Regression equation, Y = .342 X1 + .636 X2. Is this so much better a predictor of female literacy (Y) than simply using the mean of Y that the difference is statistically significant? The F test is a ratio of the mean square for the regression equation to the mean square for the “residual” (the departures of the actual scores on Y from what the regression equation predicted). In this case we have a very large value of F, which is significant at p <.001. Thus it is reasonable to conclude that our regression equation is a significantly better predictor than the mean of Y.

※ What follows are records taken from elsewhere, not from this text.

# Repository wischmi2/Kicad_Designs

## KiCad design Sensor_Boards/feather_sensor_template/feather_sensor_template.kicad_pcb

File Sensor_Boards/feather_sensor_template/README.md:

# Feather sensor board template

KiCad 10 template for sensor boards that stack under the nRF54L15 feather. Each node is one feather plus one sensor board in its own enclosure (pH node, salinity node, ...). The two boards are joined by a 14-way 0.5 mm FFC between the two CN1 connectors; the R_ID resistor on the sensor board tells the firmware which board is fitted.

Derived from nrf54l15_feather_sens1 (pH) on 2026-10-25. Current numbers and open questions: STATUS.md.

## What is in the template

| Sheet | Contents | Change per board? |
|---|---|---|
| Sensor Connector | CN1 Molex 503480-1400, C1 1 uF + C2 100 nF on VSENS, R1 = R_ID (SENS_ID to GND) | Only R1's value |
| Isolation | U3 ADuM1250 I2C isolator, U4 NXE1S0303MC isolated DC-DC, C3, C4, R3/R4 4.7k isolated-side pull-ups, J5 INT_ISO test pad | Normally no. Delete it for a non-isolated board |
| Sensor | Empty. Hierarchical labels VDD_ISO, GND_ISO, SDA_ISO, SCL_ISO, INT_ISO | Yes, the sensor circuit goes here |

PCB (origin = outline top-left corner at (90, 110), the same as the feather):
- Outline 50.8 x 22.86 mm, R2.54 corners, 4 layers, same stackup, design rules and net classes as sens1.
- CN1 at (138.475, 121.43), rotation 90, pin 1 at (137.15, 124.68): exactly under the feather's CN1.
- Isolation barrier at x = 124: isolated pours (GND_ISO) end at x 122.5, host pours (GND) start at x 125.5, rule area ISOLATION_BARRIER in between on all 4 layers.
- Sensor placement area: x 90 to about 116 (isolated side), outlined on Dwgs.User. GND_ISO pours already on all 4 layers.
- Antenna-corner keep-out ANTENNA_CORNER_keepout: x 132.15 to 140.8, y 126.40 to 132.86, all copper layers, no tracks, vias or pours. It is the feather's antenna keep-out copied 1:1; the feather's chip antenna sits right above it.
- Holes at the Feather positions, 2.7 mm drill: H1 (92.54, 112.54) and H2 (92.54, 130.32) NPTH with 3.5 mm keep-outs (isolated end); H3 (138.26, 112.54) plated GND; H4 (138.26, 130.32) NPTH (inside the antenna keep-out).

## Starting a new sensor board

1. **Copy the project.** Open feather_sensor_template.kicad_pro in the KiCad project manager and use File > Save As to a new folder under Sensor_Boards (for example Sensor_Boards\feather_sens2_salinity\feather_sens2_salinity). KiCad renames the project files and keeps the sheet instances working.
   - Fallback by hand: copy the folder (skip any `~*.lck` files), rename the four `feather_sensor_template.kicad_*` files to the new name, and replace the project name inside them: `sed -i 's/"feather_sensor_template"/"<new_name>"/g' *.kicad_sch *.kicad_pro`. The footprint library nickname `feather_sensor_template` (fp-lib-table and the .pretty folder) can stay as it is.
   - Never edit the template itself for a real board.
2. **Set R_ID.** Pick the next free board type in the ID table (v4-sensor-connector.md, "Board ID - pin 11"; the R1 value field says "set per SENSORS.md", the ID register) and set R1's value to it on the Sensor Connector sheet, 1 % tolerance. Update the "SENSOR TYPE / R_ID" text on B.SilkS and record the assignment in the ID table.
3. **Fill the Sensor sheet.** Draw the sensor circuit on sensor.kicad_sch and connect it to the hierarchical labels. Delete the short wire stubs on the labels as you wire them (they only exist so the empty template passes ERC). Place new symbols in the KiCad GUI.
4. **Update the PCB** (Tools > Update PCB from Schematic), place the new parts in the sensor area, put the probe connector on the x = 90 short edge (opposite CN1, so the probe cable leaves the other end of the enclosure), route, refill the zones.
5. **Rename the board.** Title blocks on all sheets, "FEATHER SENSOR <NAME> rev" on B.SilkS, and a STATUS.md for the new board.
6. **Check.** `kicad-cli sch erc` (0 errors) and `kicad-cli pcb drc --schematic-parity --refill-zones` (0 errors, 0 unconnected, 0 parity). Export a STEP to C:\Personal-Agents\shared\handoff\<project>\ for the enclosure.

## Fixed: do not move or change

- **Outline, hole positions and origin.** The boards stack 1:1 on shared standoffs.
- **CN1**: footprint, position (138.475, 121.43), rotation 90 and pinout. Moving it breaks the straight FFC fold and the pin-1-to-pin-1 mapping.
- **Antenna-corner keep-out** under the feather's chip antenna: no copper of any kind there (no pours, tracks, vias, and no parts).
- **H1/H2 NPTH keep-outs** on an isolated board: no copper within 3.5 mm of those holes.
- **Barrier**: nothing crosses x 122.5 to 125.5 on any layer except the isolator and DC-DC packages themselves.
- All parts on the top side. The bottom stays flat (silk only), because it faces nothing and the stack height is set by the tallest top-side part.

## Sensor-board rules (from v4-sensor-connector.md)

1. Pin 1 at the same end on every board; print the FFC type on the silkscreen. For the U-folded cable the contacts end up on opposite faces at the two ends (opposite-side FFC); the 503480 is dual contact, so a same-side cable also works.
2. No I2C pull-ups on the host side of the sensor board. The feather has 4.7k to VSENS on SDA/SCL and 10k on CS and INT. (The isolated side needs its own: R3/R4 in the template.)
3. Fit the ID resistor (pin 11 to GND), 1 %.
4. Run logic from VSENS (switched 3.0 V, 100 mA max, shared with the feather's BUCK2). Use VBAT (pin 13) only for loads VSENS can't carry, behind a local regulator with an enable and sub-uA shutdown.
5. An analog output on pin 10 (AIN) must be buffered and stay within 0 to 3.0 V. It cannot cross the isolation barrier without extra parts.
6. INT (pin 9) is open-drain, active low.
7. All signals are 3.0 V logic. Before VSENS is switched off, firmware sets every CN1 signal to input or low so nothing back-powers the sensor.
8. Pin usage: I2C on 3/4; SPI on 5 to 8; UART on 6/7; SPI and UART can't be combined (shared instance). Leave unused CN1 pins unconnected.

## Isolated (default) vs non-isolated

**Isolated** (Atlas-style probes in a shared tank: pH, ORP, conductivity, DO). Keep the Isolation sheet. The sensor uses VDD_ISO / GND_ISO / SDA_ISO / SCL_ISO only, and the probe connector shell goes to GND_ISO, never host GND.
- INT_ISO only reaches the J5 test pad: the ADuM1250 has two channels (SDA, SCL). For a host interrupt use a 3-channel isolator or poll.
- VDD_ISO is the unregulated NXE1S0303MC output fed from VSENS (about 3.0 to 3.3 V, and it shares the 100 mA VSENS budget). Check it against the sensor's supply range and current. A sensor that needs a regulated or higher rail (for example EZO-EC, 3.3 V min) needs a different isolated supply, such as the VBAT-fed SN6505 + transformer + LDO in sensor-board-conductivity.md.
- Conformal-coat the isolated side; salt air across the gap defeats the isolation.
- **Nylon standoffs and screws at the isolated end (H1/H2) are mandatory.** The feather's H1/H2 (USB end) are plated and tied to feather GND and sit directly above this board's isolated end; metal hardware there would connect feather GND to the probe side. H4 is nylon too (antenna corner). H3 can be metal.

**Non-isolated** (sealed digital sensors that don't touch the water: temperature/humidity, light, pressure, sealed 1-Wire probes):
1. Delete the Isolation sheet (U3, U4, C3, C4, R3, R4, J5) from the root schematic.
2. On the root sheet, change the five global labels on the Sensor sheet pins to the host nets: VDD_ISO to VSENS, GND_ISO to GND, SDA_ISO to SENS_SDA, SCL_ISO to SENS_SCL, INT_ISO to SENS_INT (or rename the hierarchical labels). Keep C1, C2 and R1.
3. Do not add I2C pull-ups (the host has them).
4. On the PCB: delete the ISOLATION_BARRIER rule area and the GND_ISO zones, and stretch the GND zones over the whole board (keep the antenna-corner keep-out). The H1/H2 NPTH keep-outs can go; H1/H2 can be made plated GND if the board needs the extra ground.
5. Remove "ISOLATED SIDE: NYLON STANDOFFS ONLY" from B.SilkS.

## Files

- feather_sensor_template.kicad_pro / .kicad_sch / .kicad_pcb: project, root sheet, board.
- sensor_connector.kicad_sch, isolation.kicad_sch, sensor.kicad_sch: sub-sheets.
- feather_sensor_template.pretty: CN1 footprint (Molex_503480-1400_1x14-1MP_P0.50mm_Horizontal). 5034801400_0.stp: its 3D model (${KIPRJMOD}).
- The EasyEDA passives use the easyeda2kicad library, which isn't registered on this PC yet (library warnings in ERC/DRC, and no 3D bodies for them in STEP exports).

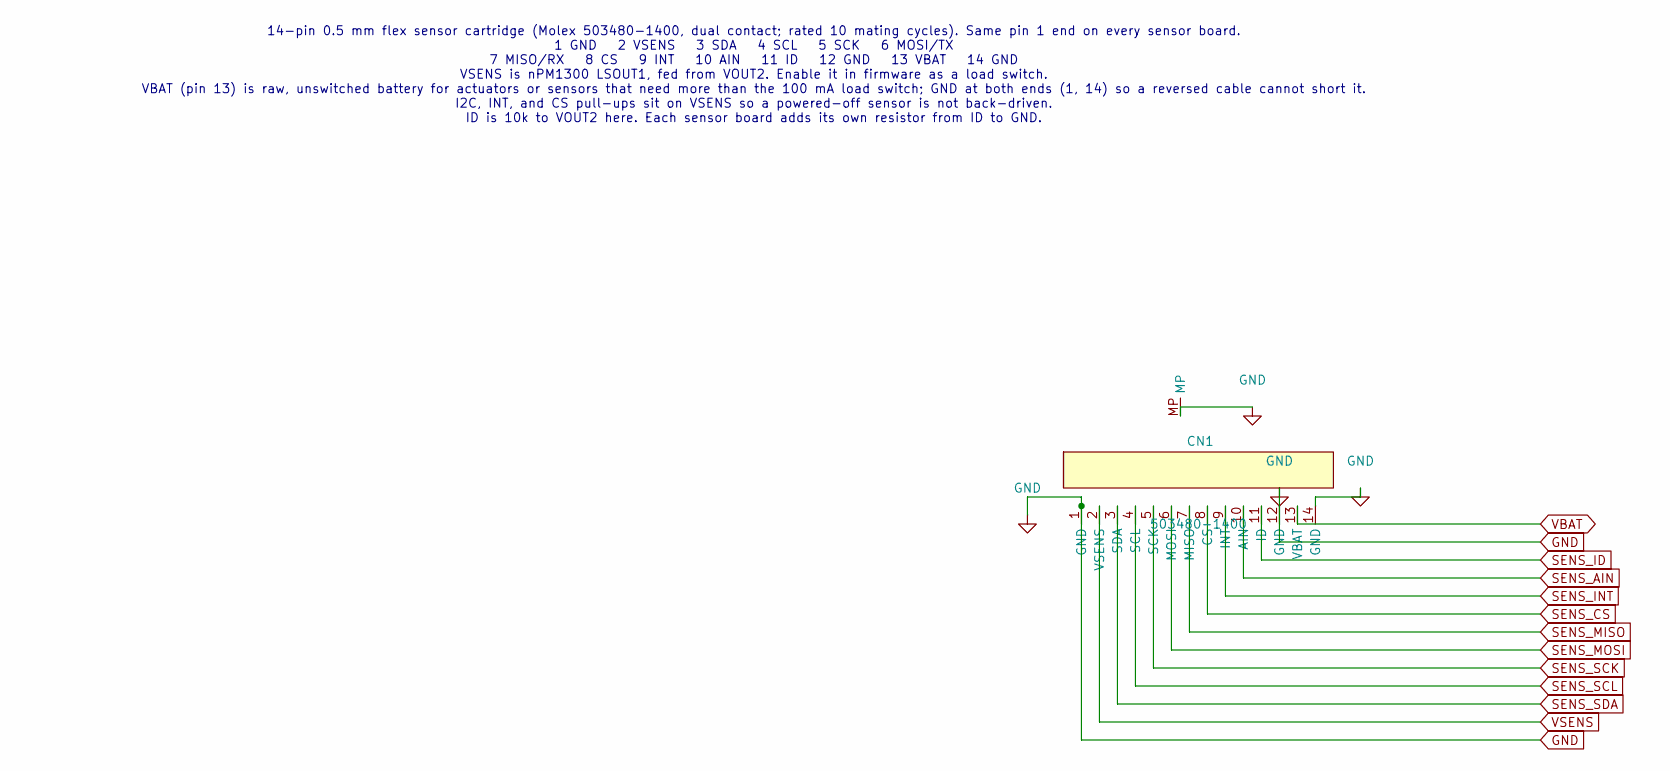
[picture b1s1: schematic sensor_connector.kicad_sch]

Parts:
CN1: 503480-1400; Molex_503480-1400_1x14-1MP_P0.50mm_Horizontal; MPN 503480-1400

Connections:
GND: CN1.1 (GND), CN1.12 (GND), CN1.14 (GND), CN1.MP; also elsewhere on the board
SENS_AIN: CN1.10 (AIN)
SENS_CS: CN1.8 (CS)
SENS_ID: CN1.11 (ID); also elsewhere on the board
SENS_INT: CN1.9 (INT)
SENS_MISO: CN1.7 (MISO)
SENS_MOSI: CN1.6 (MOSI)
SENS_SCK: CN1.5 (SCK)
SENS_SCL: CN1.4 (SCL); also elsewhere on the board
SENS_SDA: CN1.3 (SDA); also elsewhere on the board
VBAT: CN1.13 (VBAT)
VSENS: CN1.2 (VSENS); also elsewhere on the board

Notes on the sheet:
14-pin 0.5 mm flex sensor cartridge (Molex 503480-1400, dual contact; rated 10 mating cycles). Same pin 1 end on every sensor board. 1 GND 2 VSENS 3 SDA 4 SCL 5 SCK 6 MOSI/TX 7 MISO/RX 8 CS 9 INT 10 AIN 11 ID 12 GND 13 VBAT 14 GND VSENS is nPM1300 LSOUT1, fed from VOUT2. Enable it in firmware as a 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

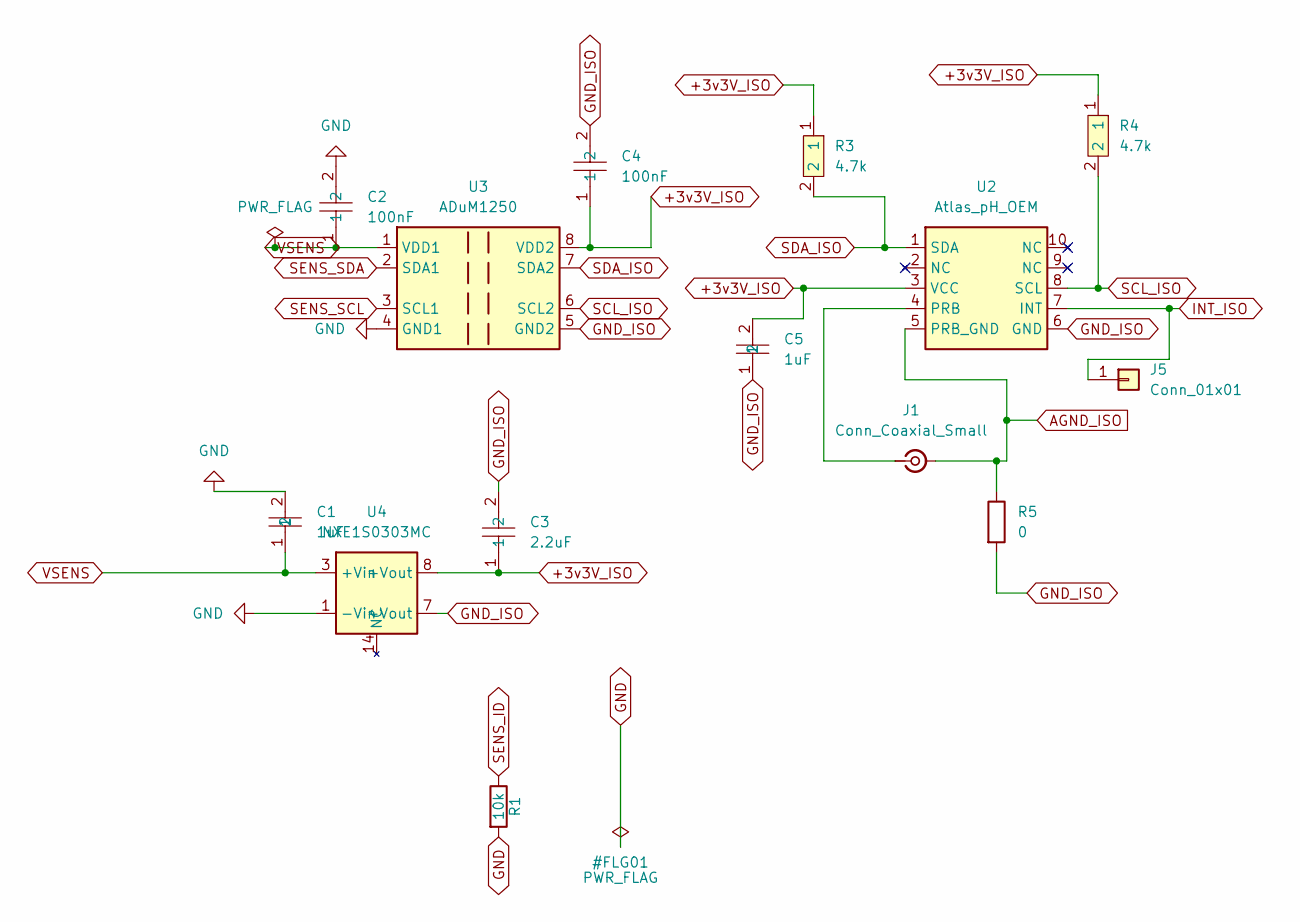
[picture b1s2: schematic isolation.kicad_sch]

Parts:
C1, C5: 1uF; C0402; MPN CL05A105KO5NNNC; LCSC Part C29266
C2, C4: 100nF; C0603; MPN CC0603KRX7R9BB104; LCSC Part C14663
C3: 2.2uF; C0603; MPN GRM188R71A225KE15D; LCSC Part C86018
J1: Conn_Coaxial_Small; SMA_BAT_Wireless_BWSMA-KWE-Z001
J5: Conn_01x01; TestPoint_Pad_D1.0mm
R1: 10k; R0402
R3, R4: 4.7k; R0402; MPN CRCW04024K70FKED; LCSC Part C482193
R5: 0; R0402
U2: Atlas_pH_OEM
U3: ADuM1250; SOIC-8_3.9x4.9mm_P1.27mm
U4: NXE1S0303MC; Converter_DCDC_Murata_NXExSxxxxMC_SMD

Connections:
+3v3V_ISO: C3.1, C4.1, C5.2, R3.1, R4.1, U2.3 (VCC), U3.8 (VDD2), U4.8 (+Vout)
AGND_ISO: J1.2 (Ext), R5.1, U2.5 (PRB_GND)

confidence intervals around the regression weights
Confidence Intervals around the Regression Weights

Finally, your output provides confidence intervals around the unstandardized regression coefficients. Thus we can say with 95% confidence that the unstandardized weight to apply to daily calorie intake to predict female life expectancy ranges between .004 and .010, and that the undstandardized weight to apply to percentage of people who read ranges between .247 and .383

limitations
Limitations

Multiple regression and correlation are among the most powerful techniques available to researchers. But powerful techniques have high demands.

These techniques require:

Every variable is measured at the interval-ratio level

Each independent variable has a linear relationship with the dependent variable

Independent variables do not interact with each other

Independent variables are uncorrelated with each other

When these requirements are violated (as they often are), these techniques will produce biased and/or inefficient estimates. There are more advanced techniques available to researchers that can correct for violations of these requirements. Such techniques are beyond the scope of this text.